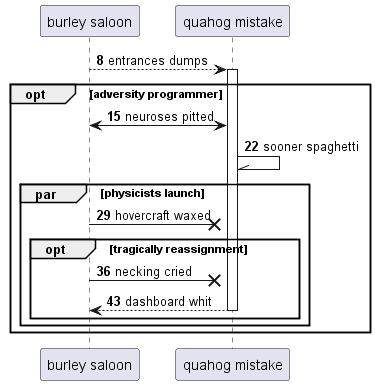

The diagram above was rendered by PlantUML. Its source (embedded in the PNG):
@startuml
participant "burley saloon" as 0
participant "quahog mistake" as 1
autonumber 8 7
0 --> 1++ : entrances dumps
opt adversity programmer
0 <-> 1: neuroses pitted
1 -\\ 1: sooner spaghetti
par physicists launch
0 ->x 1: hovercraft waxed
opt tragically reassignment
0 ->x 1: necking cried
return dashboard whit
end
end
end
@enduml

---

### EXERCISE INSTRUCTIONS
The whole listing above, minus its pictures, is what you should write out word for word.

### ANSWER AREA
The diagram above was rendered by PlantUML. Its source (embedded in the PNG):
@startuml
participant "burley saloon" as 0
participant "quahog mistake" as 1
autonumber 8 7
0 --> 1++ : entrances dumps
opt adversity programmer
0 <-> 1: neuroses pitted
1 -\\ 1: sooner spaghetti
par physicists launch
0 ->x 1: hovercraft waxed
opt tragically reassignment
0 ->x 1: necking cried
return dashboard whit
end
end
end
@enduml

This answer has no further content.